I often wonder about dreams, like, whether they can tell the future or the past. I think that in each person's memory is stored information, passed down from our ancestors.... memories and feelings ingrained into our genes. I wonder if the experiences of our ancestors come out in our dreams once in awhile. Or, for that matter, when people have past-life experiences, could that be the same thing? I don't know, and haven't studied the field of dreams, past-life experiences, and other related phenomena enough to be able to hazard any kind of educated guess on the subject, I'm just rambling on. But I do think that the truth about all this, which we may find out only when we die, will be far more bizarre than anything one person could imagine.

Saturday, March 11, 2006

Vacation's Over

Only two more days of vacation left and I haven't done much of anything at all. We went to a hotel for a couple of days last weekend, just to get away and so the kids could go swimming in the pool. Other than that, I've been extremely lazy this week. The furnace guys are all done with everything and we now have a new furnace and central air. Went to see about a loan so we could have money to buy the land we're looking at. hmm... not much else that's interesting or thought-provoking in Tim's life. Maybe if I hit the lottery tonight I'll have something to write about. Actually, I don't know if I could write anything down before my wife spends it all... still trying to figure out a way - when I hit - to keep it from her. Money never seems to reside long in her clutches. There's always something she just has to have. Well the sun is shining for a change so I think I'll go see what I can get into today.

Wednesday, March 08, 2006

New House Site

We've been looking at some property and think we're going to make an offer on it. Most of it is on a hill but there is a great place to put a house with a terrific view of the valley and opposite hills... and no traffic, no neighbors nearby, and no noise. The landscape in this part of Ohio is awe - inspiring in places, and this is one of them. Although it's only five acres, the location is worth it. I only hope it hasn't been sold when we get ready to move on it in a week or so. There will be a lot to do to get it ready to build on, but it'll be fun to go there in the summer and work on it. The kids will love it.

Saturday, March 04, 2006

We Don't Need No Stinking Expiration Date

I just happened to be in need of a laxative to, er, help speed things along so I dug through the medicine cabinet and found said chocolatey "delight". After taking the recommended dosage I happened to take a gander at the tiny print on the end of it and noted that it had expired in Sept. of 2003.. hmm... well, it did lack a little flavor I guess. Not an hour later I made myself a cup of coffee and noticed we had no milk - which I usually use - so I got in the cupboard and got out some Coffeemate, which is good in a pinch. Just for fun, and remembering my earlier discovery of the antique medicine I checked the date on it. May 23, 2003. hmm.. well it tasted fine to me anyway. But I'm wondering if maybe it's time to clean out the cupboards.

Thursday, March 02, 2006

Just a Few Things

Yesterday started Lent so no more pop for us. Every year we give up pop (or soda if you will) for Lent as a family, and some of us make personal abstinences as well. A lot of people give up sweets, which is something I should do but haven't.

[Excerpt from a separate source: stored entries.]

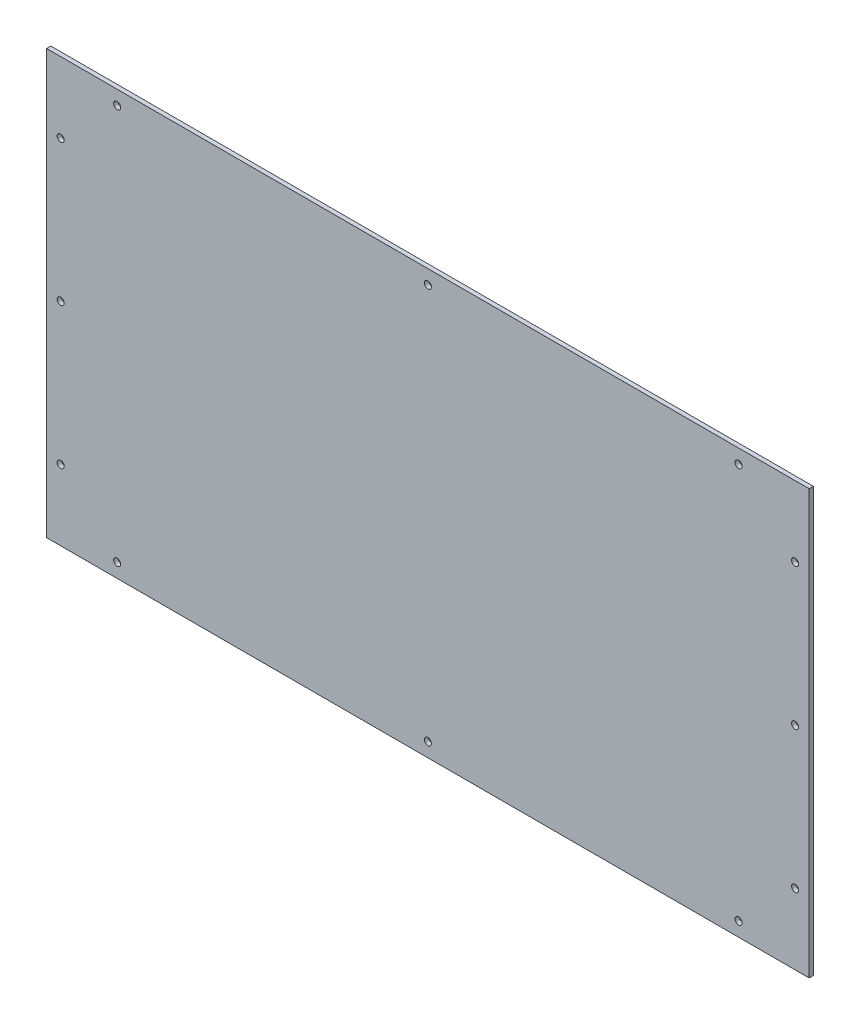
ISO-10303-21;
HEADER;
FILE_DESCRIPTION(('STEP AP214'),'2;1');
FILE_NAME('part.step','',(''),(''),'','','');
FILE_SCHEMA(('AUTOMOTIVE_DESIGN { 1 0 10303 214 1 1 1 1 }'));
ENDSEC;
DATA;
#1=APPLICATION_CONTEXT('core data for automotive mechanical design processes');
#2=APPLICATION_PROTOCOL_DEFINITION('international standard','automotive_design',2000,#1);
#3=PRODUCT_CONTEXT('',#1,'mechanical');
#4=PRODUCT('Part','Part','',(#3));
#5=PRODUCT_RELATED_PRODUCT_CATEGORY('part','',(#4));
#6=PRODUCT_DEFINITION_FORMATION('','',#4);
#7=PRODUCT_DEFINITION_CONTEXT('part definition',#1,'design');
#8=PRODUCT_DEFINITION('design','',#6,#7);
#9=PRODUCT_DEFINITION_SHAPE('','',#8);
#10=(LENGTH_UNIT() NAMED_UNIT(*) SI_UNIT(.MILLI.,.METRE.));
#11=(NAMED_UNIT(*) PLANE_ANGLE_UNIT() SI_UNIT($,.RADIAN.));
#12=(NAMED_UNIT(*) SI_UNIT($,.STERADIAN.) SOLID_ANGLE_UNIT());
#13=UNCERTAINTY_MEASURE_WITH_UNIT(LENGTH_MEASURE(1.E-05),#10,'distance_accuracy_value','');
#14=(GEOMETRIC_REPRESENTATION_CONTEXT(3) GLOBAL_UNCERTAINTY_ASSIGNED_CONTEXT((#13)) GLOBAL_UNIT_ASSIGNED_CONTEXT((#10,
#11,#12)) REPRESENTATION_CONTEXT('',''));
#15=CARTESIAN_POINT('',(0.,0.,0.));
#16=DIRECTION('',(0.,0.,1.));
#17=DIRECTION('',(1.,0.,0.));
#18=AXIS2_PLACEMENT_3D('',#15,#16,#17);
#19=CARTESIAN_POINT('',(270.,150.,3.));
#20=DIRECTION('',(-1.,0.,0.));
#21=DIRECTION('',(0.,0.,1.));
#22=AXIS2_PLACEMENT_3D('',#19,#20,#21);
#23=PLANE('',#22);
#24=DIRECTION('',(0.,1.,0.));
#25=VECTOR('',#24,1.);
#26=CARTESIAN_POINT('',(270.,150.,0.));
#27=LINE('',#26,#25);
#28=CARTESIAN_POINT('',(270.,-150.,0.));
#29=VERTEX_POINT('',#28);
#30=CARTESIAN_POINT('',(270.,150.,0.));
#31=VERTEX_POINT('',#30);
#32=EDGE_CURVE('E102',#29,#31,#27,.T.);
#33=ORIENTED_EDGE('',*,*,#32,.T.);
#34=DIRECTION('',(0.,0.,-1.));
#35=VECTOR('',#34,1.);
#36=CARTESIAN_POINT('',(270.,150.,3.));
#37=LINE('',#36,#35);
#38=CARTESIAN_POINT('',(270.,150.,3.));
#39=VERTEX_POINT('',#38);
#40=EDGE_CURVE('E11',#39,#31,#37,.T.);
#41=ORIENTED_EDGE('',*,*,#40,.F.);
#42=DIRECTION('',(0.,1.,0.));
#43=VECTOR('',#42,1.);
#44=CARTESIAN_POINT('',(270.,150.,3.));
#45=LINE('',#44,#43);
#46=CARTESIAN_POINT('',(270.,-150.,3.));
#47=VERTEX_POINT('',#46);
#48=EDGE_CURVE('E90',#47,#39,#45,.T.);
#49=ORIENTED_EDGE('',*,*,#48,.F.);
#50=DIRECTION('',(0.,0.,-1.));
#51=VECTOR('',#50,1.);
#52=CARTESIAN_POINT('',(270.,-150.,3.));
#53=LINE('',#52,#51);
#54=EDGE_CURVE('E98',#47,#29,#53,.T.);
#55=ORIENTED_EDGE('',*,*,#54,.T.);
#56=EDGE_LOOP('',(#33,#41,#49,#55));
#57=FACE_BOUND('',#56,.T.);
#58=ADVANCED_FACE('F39',(#57),#23,.F.);
#59=CARTESIAN_POINT('',(-270.,150.,3.));
#60=DIRECTION('',(0.,-1.,0.));
#61=DIRECTION('',(0.,0.,-1.));
#62=AXIS2_PLACEMENT_3D('',#59,#60,#61);
#63=PLANE('',#62);
#64=DIRECTION('',(-1.,0.,0.));
#65=VECTOR('',#64,1.);
#66=CARTESIAN_POINT('',(-270.,150.,0.));
#67=LINE('',#66,#65);
#68=CARTESIAN_POINT('',(-270.,150.,0.));
#69=VERTEX_POINT('',#68);
#70=EDGE_CURVE('E94',#31,#69,#67,.T.);
#71=ORIENTED_EDGE('',*,*,#70,.T.);
#72=DIRECTION('',(0.,0.,-1.));
#73=VECTOR('',#72,1.);
#74=CARTESIAN_POINT('',(-270.,150.,3.));
#75=LINE('',#74,#73);
#76=CARTESIAN_POINT('',(-270.,150.,3.));
#77=VERTEX_POINT('',#76);
#78=EDGE_CURVE('E47',#77,#69,#75,.T.);
#79=ORIENTED_EDGE('',*,*,#78,.F.);
#80=DIRECTION('',(-1.,0.,0.));
#81=VECTOR('',#80,1.);
#82=CARTESIAN_POINT('',(-270.,150.,3.));
#83=LINE('',#82,#81);
#84=EDGE_CURVE('E85',#39,#77,#83,.T.);
#85=ORIENTED_EDGE('',*,*,#84,.F.);
#86=ORIENTED_EDGE('',*,*,#40,.T.);
#87=EDGE_LOOP('',(#71,#79,#85,#86));
#88=FACE_BOUND('',#87,.T.);
#89=ADVANCED_FACE('F93',(#88),#63,.F.);
#90=CARTESIAN_POINT('',(-270.,150.,3.));
#91=DIRECTION('',(1.,0.,0.));
#92=DIRECTION('',(0.,1.,0.));
#93=AXIS2_PLACEMENT_3D('',#90,#91,#92);
#94=PLANE('',#93);
#95=DIRECTION('',(0.,-1.,0.));
#96=VECTOR('',#95,1.);
#97=CARTESIAN_POINT('',(-270.,150.,0.));
#98=LINE('',#97,#96);
#99=CARTESIAN_POINT('',(-270.,-150.,0.));
#100=VERTEX_POINT('',#99);
#101=EDGE_CURVE('E72',#69,#100,#98,.T.);
#102=ORIENTED_EDGE('',*,*,#101,.T.);
#103=DIRECTION('',(0.,0.,-1.));
#104=VECTOR('',#103,1.);
#105=CARTESIAN_POINT('',(-270.,-150.,3.));
#106=LINE('',#105,#104);
#107=CARTESIAN_POINT('',(-270.,-150.,3.));
#108=VERTEX_POINT('',#107);
#109=EDGE_CURVE('E95',#108,#100,#106,.T.);
#110=ORIENTED_EDGE('',*,*,#109,.F.);
#111=DIRECTION('',(0.,-1.,0.));
#112=VECTOR('',#111,1.);
#113=CARTESIAN_POINT('',(-270.,150.,3.));
#114=LINE('',#113,#112);
#115=EDGE_CURVE('E88',#77,#108,#114,.T.);
#116=ORIENTED_EDGE('',*,*,#115,.F.);
#117=ORIENTED_EDGE('',*,*,#78,.T.);
#118=EDGE_LOOP('',(#102,#110,#116,#117));
#119=FACE_BOUND('',#118,.T.);
#120=ADVANCED_FACE('F96',(#119),#94,.F.);
#121=CARTESIAN_POINT('',(-270.,-150.,3.));
#122=DIRECTION('',(0.,1.,0.));
#123=DIRECTION('',(0.,0.,1.));
#124=AXIS2_PLACEMENT_3D('',#121,#122,#123);
#125=PLANE('',#124);
#126=DIRECTION('',(1.,0.,0.));
#127=VECTOR('',#126,1.);
#128=CARTESIAN_POINT('',(-270.,-150.,0.));
#129=LINE('',#128,#127);
#130=EDGE_CURVE('E78',#100,#29,#129,.T.);
#131=ORIENTED_EDGE('',*,*,#130,.T.);
#132=ORIENTED_EDGE('',*,*,#54,.F.);
#133=DIRECTION('',(1.,0.,0.));
#134=VECTOR('',#133,1.);
#135=CARTESIAN_POINT('',(-270.,-150.,3.));
#136=LINE('',#135,#134);
#137=EDGE_CURVE('E55',#108,#47,#136,.T.);
#138=ORIENTED_EDGE('',*,*,#137,.F.);
#139=ORIENTED_EDGE('',*,*,#109,.T.);
#140=EDGE_LOOP('',(#131,#132,#138,#139));
#141=FACE_BOUND('',#140,.T.);
#142=ADVANCED_FACE('F110',(#141),#125,.F.);
#143=CARTESIAN_POINT('',(0.,0.,3.));
#144=DIRECTION('',(0.,0.,1.));
#145=DIRECTION('',(1.,0.,0.));
#146=AXIS2_PLACEMENT_3D('',#143,#144,#145);
#147=PLANE('',#146);
#148=CARTESIAN_POINT('',(-220.,-139.999999999999,3.));
#149=DIRECTION('',(0.,0.,1.));
#150=DIRECTION('',(-1.,0.,0.));
#151=AXIS2_PLACEMENT_3D('',#148,#149,#150);
#152=CIRCLE('',#151,2.5);
#153=CARTESIAN_POINT('',(-222.5,-139.999999999999,3.));
#154=VERTEX_POINT('',#153);
#155=EDGE_CURVE('E122',#154,#154,#152,.T.);
#156=ORIENTED_EDGE('',*,*,#155,.F.);
#157=EDGE_LOOP('',(#156));
#158=FACE_BOUND('',#157,.T.);
#159=CARTESIAN_POINT('',(0.,-140.,3.));
#160=DIRECTION('',(0.,0.,1.));
#161=DIRECTION('',(-1.,0.,0.));
#162=AXIS2_PLACEMENT_3D('',#159,#160,#161);
#163=CIRCLE('',#162,2.5);
#164=CARTESIAN_POINT('',(-2.5,-140.,3.));
#165=VERTEX_POINT('',#164);
#166=EDGE_CURVE('E128',#165,#165,#163,.T.);
#167=ORIENTED_EDGE('',*,*,#166,.F.);
#168=EDGE_LOOP('',(#167));
#169=FACE_BOUND('',#168,.T.);
#170=CARTESIAN_POINT('',(220.,-139.999999999999,3.));
#171=DIRECTION('',(0.,0.,1.));
#172=DIRECTION('',(1.,0.,0.));
#173=AXIS2_PLACEMENT_3D('',#170,#171,#172);
#174=CIRCLE('',#173,2.5);
#175=CARTESIAN_POINT('',(222.5,-139.999999999999,3.));
#176=VERTEX_POINT('',#175);
#177=EDGE_CURVE('E134',#176,#176,#174,.T.);
#178=ORIENTED_EDGE('',*,*,#177,.F.);
#179=EDGE_LOOP('',(#178));
#180=FACE_BOUND('',#179,.T.);
#181=CARTESIAN_POINT('',(220.,139.999999999999,3.));
#182=DIRECTION('',(0.,0.,1.));
#183=DIRECTION('',(-1.,0.,0.));
#184=AXIS2_PLACEMENT_3D('',#181,#182,#183);
#185=CIRCLE('',#184,2.5);
#186=CARTESIAN_POINT('',(217.5,139.999999999999,3.));
#187=VERTEX_POINT('',#186);
#188=EDGE_CURVE('E148',#187,#187,#185,.T.);
#189=ORIENTED_EDGE('',*,*,#188,.F.);
#190=EDGE_LOOP('',(#189));
#191=FACE_BOUND('',#190,.T.);
#192=CARTESIAN_POINT('',(260.,-100.,3.));
#193=DIRECTION('',(0.,0.,1.));
#194=DIRECTION('',(1.,0.,0.));
#195=AXIS2_PLACEMENT_3D('',#192,#193,#194);
#196=CIRCLE('',#195,2.50000000000002);
#197=CARTESIAN_POINT('',(262.5,-100.,3.));
#198=VERTEX_POINT('',#197);
#199=EDGE_CURVE('E141',#198,#198,#196,.T.);
#200=ORIENTED_EDGE('',*,*,#199,.F.);
#201=EDGE_LOOP('',(#200));
#202=FACE_BOUND('',#201,.T.);
#203=CARTESIAN_POINT('',(260.,0.,3.));
#204=DIRECTION('',(0.,0.,1.));
#205=DIRECTION('',(-1.,0.,0.));
#206=AXIS2_PLACEMENT_3D('',#203,#204,#205);
#207=CIRCLE('',#206,2.50000000000008);
#208=CARTESIAN_POINT('',(257.5,0.,3.));
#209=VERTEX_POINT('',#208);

My oldest son left this morning on a weekend vacation with his friend. It really worries me because they are driving to Canada with little money and no real plan. It's snowing like crazy here so I hope he doesn't run into any of this. His friend has a map, but my son is not good at following directions and gets lost going about anywhere, except to bed. Just hoping they don't do anything stupid that will start an international fiasco and lead to all out war with the Canucks.


The furnace guys got the new furnace hooked up and there's heat coming out of it! They've been at it all week and are moving along pretty good now that they've put almost all the ductwork in. Since it's pretty cold tonight we'll get a chance to see how much of a difference it makes.